The next challenge for the CNN is to identify the different eigenstates even with varied box lengths.

To that end, we generate a new dataset with L values varying from 0.5 to 2.0, and we add the same Gaussian noise to each curve.

Add code to retrain the CNN using these new data and evaluate the performance. How do the results compare to the results from part 2(c)?

In [None]:
def generate_varying_L(n_samples, L_range=(0.5, 2.0), noise_std=0.3):
    """Generate wavefunctions with random box length L."""
    X = np.zeros((n_samples, NUM_POINTS))
    y = np.zeros(n_samples, dtype=int)
    for i in range(n_samples):
        L = np.random.uniform(*L_range)
        n = np.random.randint(1, NUM_CLASSES + 1)
        # We always sample x in [0, L_max] and zero-pad outside [0, L]
        x = np.linspace(0, L_range[1], NUM_POINTS, endpoint=False)
        psi = np.where(x <= L,
                       np.sqrt(2 / L) * np.sin(n * np.pi * x / L),
                       0.0)
        X[i] = psi + np.random.normal(0, noise_std, NUM_POINTS)
        y[i] = n - 1
    return X, y


In [None]:
# Write your code here to
# - put the generate_varying_L data into data loaders
# - use those data to retrain the CNN
# - use the history output to make the plots of loss and accuracy


## part 2(e) (5 points)

Now for the biggest challenge of all.

Each sample is now a normalized superposition

$$\Psi(x) = \alpha\,\psi_m(x) + \beta\,\psi_n(x), \qquad \alpha^2 + \beta^2 = 1$$

where $m \neq n$ are drawn at random and $|\alpha| > |\beta|$ by construction.
The label is the **dominant** quantum number $m$.
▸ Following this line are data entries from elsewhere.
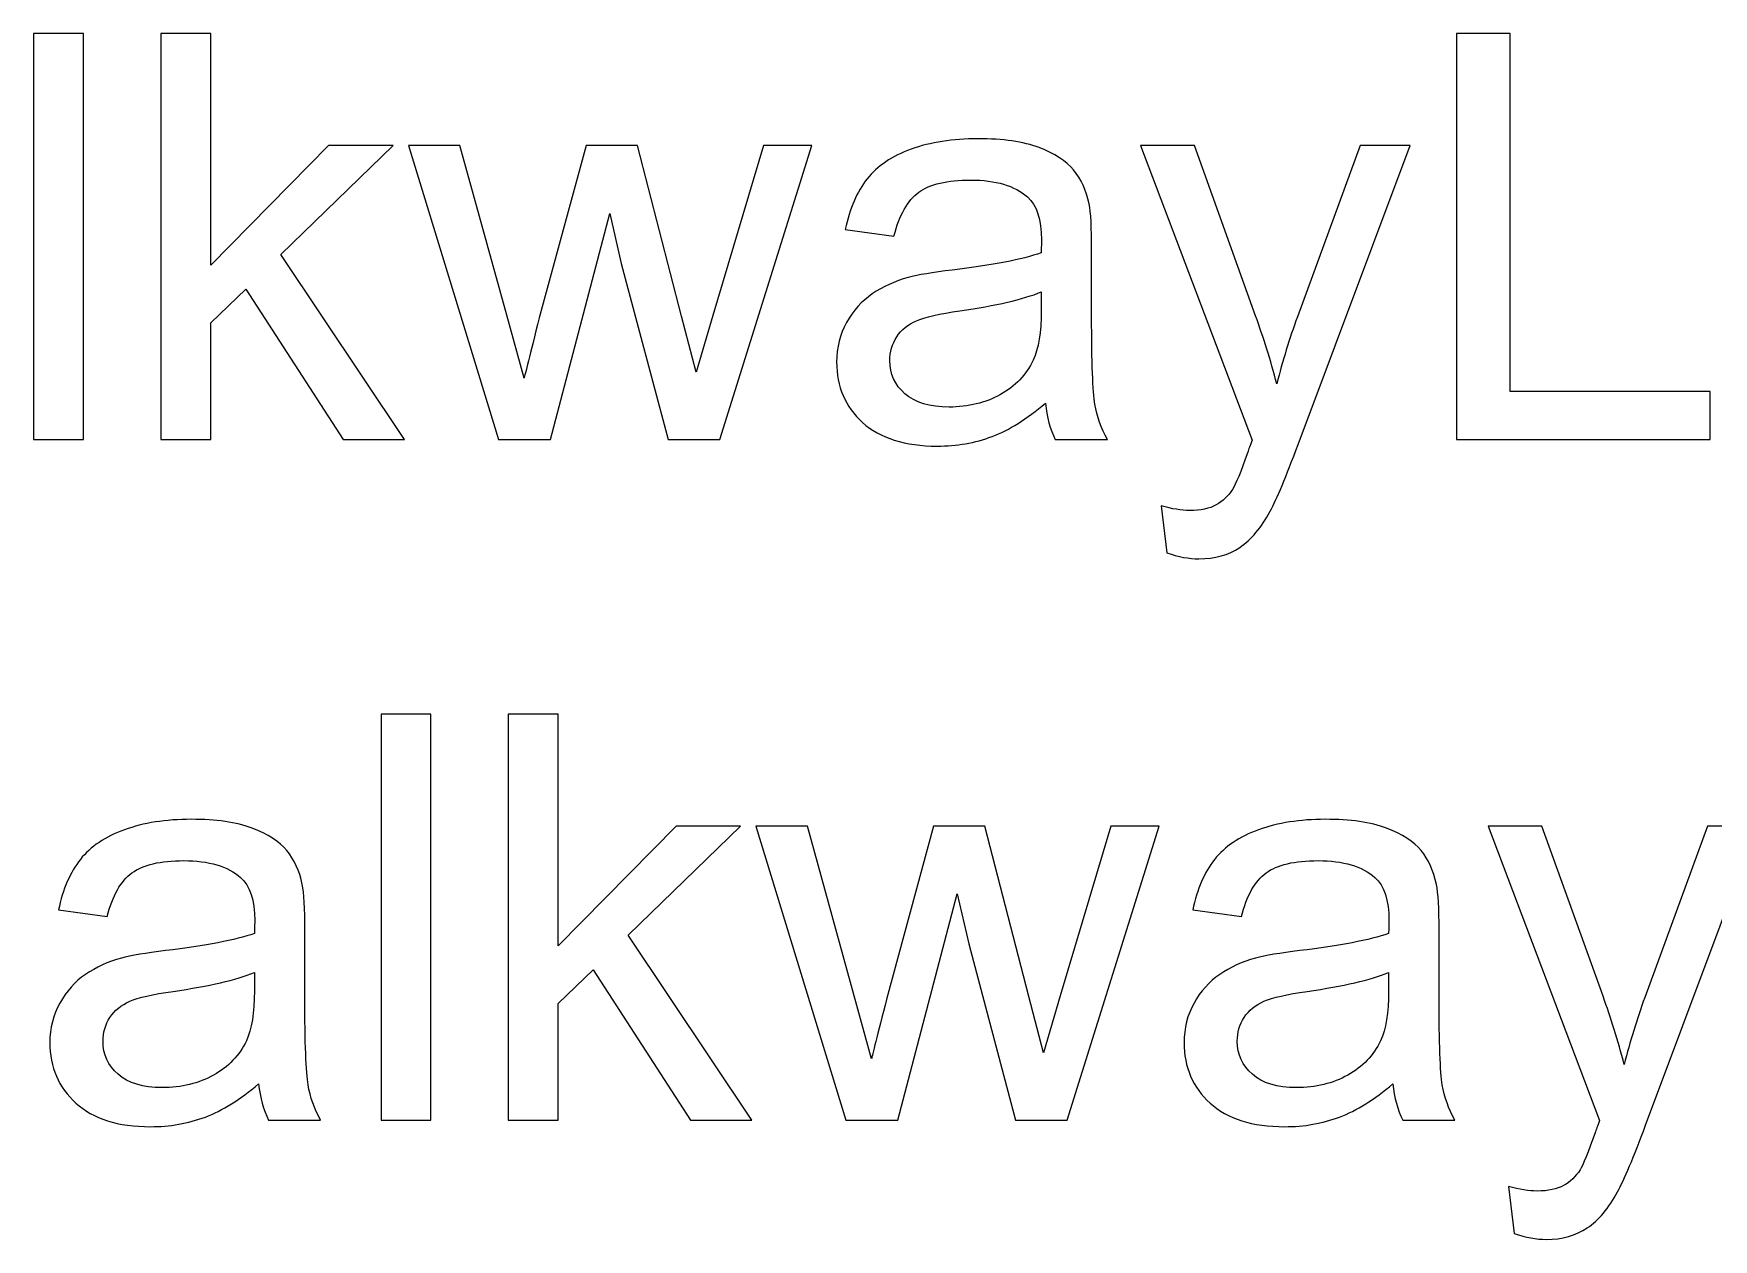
# Model space of a CAD drawing. Header units: centimetres. Extents: x -233 to -82, y 123 to 153.
# Drawn here: x -166.848 to -165.803, y 139.24 to 139.99 of the extents above; entities that cross this region are included whole.
import ezdxf

# ---------------------------------------------------------------- set-up
doc = ezdxf.new("R2010")
doc.units = ezdxf.units.CM
doc.header["$MEASUREMENT"] = 0
doc.layers.add('layer 1', color=7, linetype='Continuous')

msp = doc.modelspace()

# ---------------------------------------------------------------- linework, layer by layer
at = {"layer": 'layer 1'}
for points, knots in [([(-166.8479, 139.73797), (-166.8479, 139.73797), (-166.8479, 139.99047), (-166.8479, 139.99047), (-166.8479, 139.99047), (-166.8479, 139.99047), (-166.8169, 139.99047), (-166.8169, 139.99047), (-166.8169, 139.99047), (-166.8169, 139.99047), (-166.8169, 139.73797), (-166.8169, 139.73797), (-166.8169, 139.73797), (-166.8169, 139.73797), (-166.8479, 139.73797), (-166.8479, 139.73797)], [0, 0, 0, 0, 0.2, 0.2, 0.2, 0.2, 0.4, 0.4, 0.4, 0.4, 0.6, 0.6, 0.6, 0.6, 1, 1, 1, 1]), ([(-166.7687, 139.73797), (-166.7687, 139.73797), (-166.7687, 139.99047), (-166.7687, 139.99047), (-166.7687, 139.99047), (-166.7687, 139.99047), (-166.7377, 139.99047), (-166.7377, 139.99047), (-166.7377, 139.99047), (-166.7377, 139.99047), (-166.7377, 139.84647), (-166.7377, 139.84647), (-166.7377, 139.84647), (-166.7377, 139.84647), (-166.6643, 139.92087), (-166.6643, 139.92087), (-166.6643, 139.92087), (-166.6643, 139.92087), (-166.6242, 139.92087), (-166.6242, 139.92087), (-166.6242, 139.92087), (-166.6242, 139.92087), (-166.6941, 139.85307), (-166.6941, 139.85307), (-166.6941, 139.85307), (-166.6941, 139.85307), (-166.6171, 139.73797), (-166.6171, 139.73797), (-166.6171, 139.73797), (-166.6171, 139.73797), (-166.6553, 139.73797), (-166.6553, 139.73797), (-166.6553, 139.73797), (-166.6553, 139.73797), (-166.7158, 139.83147), (-166.7158, 139.83147), (-166.7158, 139.83147), (-166.7158, 139.83147), (-166.7377, 139.81047), (-166.7377, 139.81047), (-166.7377, 139.81047), (-166.7377, 139.81047), (-166.7377, 139.73797), (-166.7377, 139.73797), (-166.7377, 139.73797), (-166.7377, 139.73797), (-166.7687, 139.73797), (-166.7687, 139.73797)], [0, 0, 0, 0, 0.0769231, 0.0769231, 0.0769231, 0.0769231, 0.1538462, 0.1538462, 0.1538462, 0.1538462, 0.2307692, 0.2307692, 0.2307692, 0.2307692, 0.3076923, 0.3076923, 0.3076923, 0.3076923, 0.3846154, 0.3846154, 0.3846154, 0.3846154, 0.4615385, 0.4615385, 0.4615385, 0.4615385, 0.5384615, 0.5384615, 0.5384615, 0.5384615, 0.6153846, 0.6153846, 0.6153846, 0.6153846, 0.6923077, 0.6923077, 0.6923077, 0.6923077, 0.7692308, 0.7692308, 0.7692308, 0.7692308, 0.8461538, 0.8461538, 0.8461538, 0.8461538, 1, 1, 1, 1]), ([(-165.9625, 139.73797), (-165.9625, 139.73797), (-165.9625, 139.99047), (-165.9625, 139.99047), (-165.9625, 139.99047), (-165.9625, 139.99047), (-165.929, 139.99047), (-165.929, 139.99047), (-165.929, 139.99047), (-165.929, 139.99047), (-165.929, 139.76777), (-165.929, 139.76777), (-165.929, 139.76777), (-165.929, 139.76777), (-165.8047, 139.76777), (-165.8047, 139.76777), (-165.8047, 139.76777), (-165.8047, 139.76777), (-165.8047, 139.73797), (-165.8047, 139.73797), (-165.8047, 139.73797), (-165.8047, 139.73797), (-165.9625, 139.73797), (-165.9625, 139.73797)], [0, 0, 0, 0, 0.1428571, 0.1428571, 0.1428571, 0.1428571, 0.2857143, 0.2857143, 0.2857143, 0.2857143, 0.4285714, 0.4285714, 0.4285714, 0.4285714, 0.5714286, 0.5714286, 0.5714286, 0.5714286, 0.7142857, 0.7142857, 0.7142857, 0.7142857, 1, 1, 1, 1]), ([(-166.2183, 139.76057), (-166.2298, 139.75077), (-166.2408, 139.74387), (-166.2514, 139.73987), (-166.2514, 139.73987), (-166.2621, 139.73587), (-166.2735, 139.73387), (-166.2856, 139.73387), (-166.2856, 139.73387), (-166.3057, 139.73387), (-166.3212, 139.73877), (-166.332, 139.74857), (-166.332, 139.74857), (-166.3428, 139.75837), (-166.3482, 139.77087), (-166.3482, 139.78617), (-166.3482, 139.78617), (-166.3482, 139.79517), (-166.3461, 139.80337), (-166.342, 139.81077), (-166.342, 139.81077), (-166.3379, 139.81817), (-166.3326, 139.82407), (-166.326, 139.82857), (-166.326, 139.82857), (-166.3194, 139.83307), (-166.312, 139.83647), (-166.3037, 139.83877), (-166.3037, 139.83877), (-166.2976, 139.84037), (-166.2885, 139.84187), (-166.2762, 139.84337), (-166.2762, 139.84337), (-166.2511, 139.84637), (-166.2327, 139.84997), (-166.2209, 139.85407), (-166.2209, 139.85407), (-166.2208, 139.85837), (-166.2207, 139.86107), (-166.2207, 139.86217), (-166.2207, 139.86217), (-166.2207, 139.87477), (-166.2236, 139.88367), (-166.2295, 139.88887), (-166.2295, 139.88887), (-166.2374, 139.89587), (-166.2492, 139.89937), (-166.2648, 139.89937), (-166.2648, 139.89937), (-166.2794, 139.89937), (-166.2902, 139.89687), (-166.2971, 139.89177), (-166.2971, 139.89177), (-166.304, 139.88667), (-166.3092, 139.87757), (-166.3125, 139.86457), (-166.3125, 139.86457), (-166.3125, 139.86457), (-166.3428, 139.86867), (-166.3428, 139.86867), (-166.3428, 139.86867), (-166.3401, 139.88167), (-166.3355, 139.89217), (-166.3292, 139.90017), (-166.3292, 139.90017), (-166.3229, 139.90807), (-166.3137, 139.91427), (-166.3018, 139.91857), (-166.3018, 139.91857), (-166.2899, 139.92287), (-166.276, 139.92507), (-166.2603, 139.92507), (-166.2603, 139.92507), (-166.2447, 139.92507), (-166.232, 139.92327), (-166.2222, 139.91957), (-166.2222, 139.91957), (-166.2125, 139.91587), (-166.2053, 139.91117), (-166.2007, 139.90567), (-166.2007, 139.90567), (-166.1961, 139.90007), (-166.1929, 139.89307), (-166.1911, 139.88457), (-166.1911, 139.88457), (-166.19, 139.87927), (-166.1895, 139.86977), (-166.1895, 139.85597), (-166.1895, 139.85597), (-166.1895, 139.85597), (-166.1895, 139.81467), (-166.1895, 139.81467), (-166.1895, 139.81467), (-166.1895, 139.78577), (-166.1888, 139.76757), (-166.1875, 139.75997), (-166.1875, 139.75997), (-166.1862, 139.75227), (-166.1836, 139.74497), (-166.1797, 139.73797), (-166.1797, 139.73797), (-166.1797, 139.73797), (-166.2121, 139.73797), (-166.2121, 139.73797), (-166.2121, 139.73797), (-166.2153, 139.74437), (-166.2174, 139.75187), (-166.2183, 139.76057)], [0, 0, 0, 0, 0.0357143, 0.0357143, 0.0357143, 0.0357143, 0.0714286, 0.0714286, 0.0714286, 0.0714286, 0.1071429, 0.1071429, 0.1071429, 0.1071429, 0.1428571, 0.1428571, 0.1428571, 0.1428571, 0.1785714, 0.1785714, 0.1785714, 0.1785714, 0.2142857, 0.2142857, 0.2142857, 0.2142857, 0.25, 0.25, 0.25, 0.25, 0.2857143, 0.2857143, 0.2857143, 0.2857143, 0.3214286, 0.3214286, 0.3214286, 0.3214286, 0.3571429, 0.3571429, 0.3571429, 0.3571429, 0.3928571, 0.3928571, 0.3928571, 0.3928571, 0.4285714, 0.4285714, 0.4285714, 0.4285714, 0.4642857, 0.4642857, 0.4642857, 0.4642857, 0.5, 0.5, 0.5, 0.5, 0.5357143, 0.5357143, 0.5357143, 0.5357143, 0.5714286, 0.5714286, 0.5714286, 0.5714286, 0.6071429, 0.6071429, 0.6071429, 0.6071429, 0.6428571, 0.6428571, 0.6428571, 0.6428571, 0.6785714, 0.6785714, 0.6785714, 0.6785714, 0.7142857, 0.7142857, 0.7142857, 0.7142857, 0.75, 0.75, 0.75, 0.75, 0.7857143, 0.7857143, 0.7857143, 0.7857143, 0.8214286, 0.8214286, 0.8214286, 0.8214286, 0.8571429, 0.8571429, 0.8571429, 0.8571429, 0.8928571, 0.8928571, 0.8928571, 0.8928571, 0.9285714, 0.9285714, 0.9285714, 0.9285714, 1, 1, 1, 1]), ([(-166.5587, 139.73797), (-166.5587, 139.73797), (-166.6147, 139.92087), (-166.6147, 139.92087), (-166.6147, 139.92087), (-166.6147, 139.92087), (-166.5826, 139.92087), (-166.5826, 139.92087), (-166.5826, 139.92087), (-166.5826, 139.92087), (-166.5535, 139.81527), (-166.5535, 139.81527), (-166.5535, 139.81527), (-166.5535, 139.81527), (-166.5427, 139.77607), (-166.5427, 139.77607), (-166.5427, 139.77607), (-166.5422, 139.77797), (-166.5391, 139.79057), (-166.5332, 139.81377), (-166.5332, 139.81377), (-166.5332, 139.81377), (-166.5041, 139.92087), (-166.5041, 139.92087), (-166.5041, 139.92087), (-166.5041, 139.92087), (-166.4722, 139.92087), (-166.4722, 139.92087), (-166.4722, 139.92087), (-166.4722, 139.92087), (-166.4448, 139.81477), (-166.4448, 139.81477), (-166.4448, 139.81477), (-166.4448, 139.81477), (-166.4357, 139.77987), (-166.4357, 139.77987), (-166.4357, 139.77987), (-166.4357, 139.77987), (-166.4252, 139.81517), (-166.4252, 139.81517), (-166.4252, 139.81517), (-166.4252, 139.81517), (-166.3938, 139.92087), (-166.3938, 139.92087), (-166.3938, 139.92087), (-166.3938, 139.92087), (-166.3637, 139.92087), (-166.3637, 139.92087), (-166.3637, 139.92087), (-166.3637, 139.92087), (-166.4209, 139.73797), (-166.4209, 139.73797), (-166.4209, 139.73797), (-166.4209, 139.73797), (-166.4531, 139.73797), (-166.4531, 139.73797), (-166.4531, 139.73797), (-166.4531, 139.73797), (-166.4822, 139.84757), (-166.4822, 139.84757), (-166.4822, 139.84757), (-166.4822, 139.84757), (-166.4893, 139.87867), (-166.4893, 139.87867), (-166.4893, 139.87867), (-166.4893, 139.87867), (-166.5263, 139.73797), (-166.5263, 139.73797), (-166.5263, 139.73797), (-166.5263, 139.73797), (-166.5587, 139.73797), (-166.5587, 139.73797)], [0, 0, 0, 0, 0.0526316, 0.0526316, 0.0526316, 0.0526316, 0.1052632, 0.1052632, 0.1052632, 0.1052632, 0.1578947, 0.1578947, 0.1578947, 0.1578947, 0.2105263, 0.2105263, 0.2105263, 0.2105263, 0.2631579, 0.2631579, 0.2631579, 0.2631579, 0.3157895, 0.3157895, 0.3157895, 0.3157895, 0.3684211, 0.3684211, 0.3684211, 0.3684211, 0.4210526, 0.4210526, 0.4210526, 0.4210526, 0.4736842, 0.4736842, 0.4736842, 0.4736842, 0.5263158, 0.5263158, 0.5263158, 0.5263158, 0.5789474, 0.5789474, 0.5789474, 0.5789474, 0.6315789, 0.6315789, 0.6315789, 0.6315789, 0.6842105, 0.6842105, 0.6842105, 0.6842105, 0.7368421, 0.7368421, 0.7368421, 0.7368421, 0.7894737, 0.7894737, 0.7894737, 0.7894737, 0.8421053, 0.8421053, 0.8421053, 0.8421053, 0.8947368, 0.8947368, 0.8947368, 0.8947368, 1, 1, 1, 1]), ([(-166.1428, 139.66747), (-166.1428, 139.66747), (-166.1463, 139.69667), (-166.1463, 139.69667), (-166.1463, 139.69667), (-166.1395, 139.69477), (-166.1336, 139.69387), (-166.1285, 139.69387), (-166.1285, 139.69387), (-166.1216, 139.69387), (-166.1161, 139.69497), (-166.112, 139.69727), (-166.112, 139.69727), (-166.1079, 139.69957), (-166.1045, 139.70287), (-166.1018, 139.70697), (-166.1018, 139.70697), (-166.0999, 139.71007), (-166.0967, 139.71777), (-166.0924, 139.73007), (-166.0924, 139.73007), (-166.0918, 139.73177), (-166.0909, 139.73437), (-166.0896, 139.73767), (-166.0896, 139.73767), (-166.0896, 139.73767), (-166.159, 139.92087), (-166.159, 139.92087), (-166.159, 139.92087), (-166.159, 139.92087), (-166.1256, 139.92087), (-166.1256, 139.92087), (-166.1256, 139.92087), (-166.1256, 139.92087), (-166.0875, 139.81497), (-166.0875, 139.81497), (-166.0875, 139.81497), (-166.0826, 139.80147), (-166.0782, 139.78737), (-166.0743, 139.77257), (-166.0743, 139.77257), (-166.0707, 139.78687), (-166.0664, 139.80077), (-166.0615, 139.81427), (-166.0615, 139.81427), (-166.0615, 139.81427), (-166.0224, 139.92087), (-166.0224, 139.92087), (-166.0224, 139.92087), (-166.0224, 139.92087), (-165.9914, 139.92087), (-165.9914, 139.92087), (-165.9914, 139.92087), (-165.9914, 139.92087), (-166.061, 139.73487), (-166.061, 139.73487), (-166.061, 139.73487), (-166.0685, 139.71477), (-166.0743, 139.70097), (-166.0784, 139.69337), (-166.0784, 139.69337), (-166.0839, 139.68317), (-166.0902, 139.67567), (-166.0973, 139.67087), (-166.0973, 139.67087), (-166.1044, 139.66617), (-166.1129, 139.66377), (-166.1228, 139.66377), (-166.1228, 139.66377), (-166.1288, 139.66377), (-166.1355, 139.66497), (-166.1428, 139.66747)], [0, 0, 0, 0, 0.0526316, 0.0526316, 0.0526316, 0.0526316, 0.1052632, 0.1052632, 0.1052632, 0.1052632, 0.1578947, 0.1578947, 0.1578947, 0.1578947, 0.2105263, 0.2105263, 0.2105263, 0.2105263, 0.2631579, 0.2631579, 0.2631579, 0.2631579, 0.3157895, 0.3157895, 0.3157895, 0.3157895, 0.3684211, 0.3684211, 0.3684211, 0.3684211, 0.4210526, 0.4210526, 0.4210526, 0.4210526, 0.4736842, 0.4736842, 0.4736842, 0.4736842, 0.5263158, 0.5263158, 0.5263158, 0.5263158, 0.5789474, 0.5789474, 0.5789474, 0.5789474, 0.6315789, 0.6315789, 0.6315789, 0.6315789, 0.6842105, 0.6842105, 0.6842105, 0.6842105, 0.7368421, 0.7368421, 0.7368421, 0.7368421, 0.7894737, 0.7894737, 0.7894737, 0.7894737, 0.8421053, 0.8421053, 0.8421053, 0.8421053, 0.8947368, 0.8947368, 0.8947368, 0.8947368, 1, 1, 1, 1]), ([(-166.2209, 139.82977), (-166.2321, 139.82517), (-166.249, 139.82127), (-166.2715, 139.81807), (-166.2715, 139.81807), (-166.2842, 139.81617), (-166.2932, 139.81417), (-166.2985, 139.81187), (-166.2985, 139.81187), (-166.3038, 139.80957), (-166.3079, 139.80627), (-166.3108, 139.80187), (-166.3108, 139.80187), (-166.3137, 139.79737), (-166.3151, 139.79247), (-166.3151, 139.78707), (-166.3151, 139.78707), (-166.3151, 139.77877), (-166.312, 139.77197), (-166.3057, 139.76647), (-166.3057, 139.76647), (-166.2994, 139.76097), (-166.2903, 139.75817), (-166.2782, 139.75817), (-166.2782, 139.75817), (-166.2663, 139.75817), (-166.2556, 139.76077), (-166.2463, 139.76597), (-166.2463, 139.76597), (-166.237, 139.77117), (-166.2302, 139.77827), (-166.2259, 139.78737), (-166.2259, 139.78737), (-166.2226, 139.79437), (-166.2209, 139.80467), (-166.2209, 139.81837), (-166.2209, 139.81837), (-166.2209, 139.81837), (-166.2209, 139.82977), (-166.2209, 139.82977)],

The CNN will have to figure out the dominant quantum number.

This is significantly harder than the previous challenges because the CNN must disentangle overlapping spatial
frequencies.

Use the function below to generate the data; then retrain the CNN to find the dominant quantum number.


In [None]:
def generate_superposition(n_samples, L=1.0, noise_std=0.05):
    """Generate superpositions of two states; label = dominant n."""
    x = np.linspace(0, L, NUM_POINTS, endpoint=False)
    X = np.zeros((n_samples, NUM_POINTS))
    y = np.zeros(n_samples, dtype=int)

    for i in range(n_samples):
        # Pick two distinct quantum numbers
        m, n = np.random.choice(range(1, NUM_CLASSES + 1), size=2, replace=False)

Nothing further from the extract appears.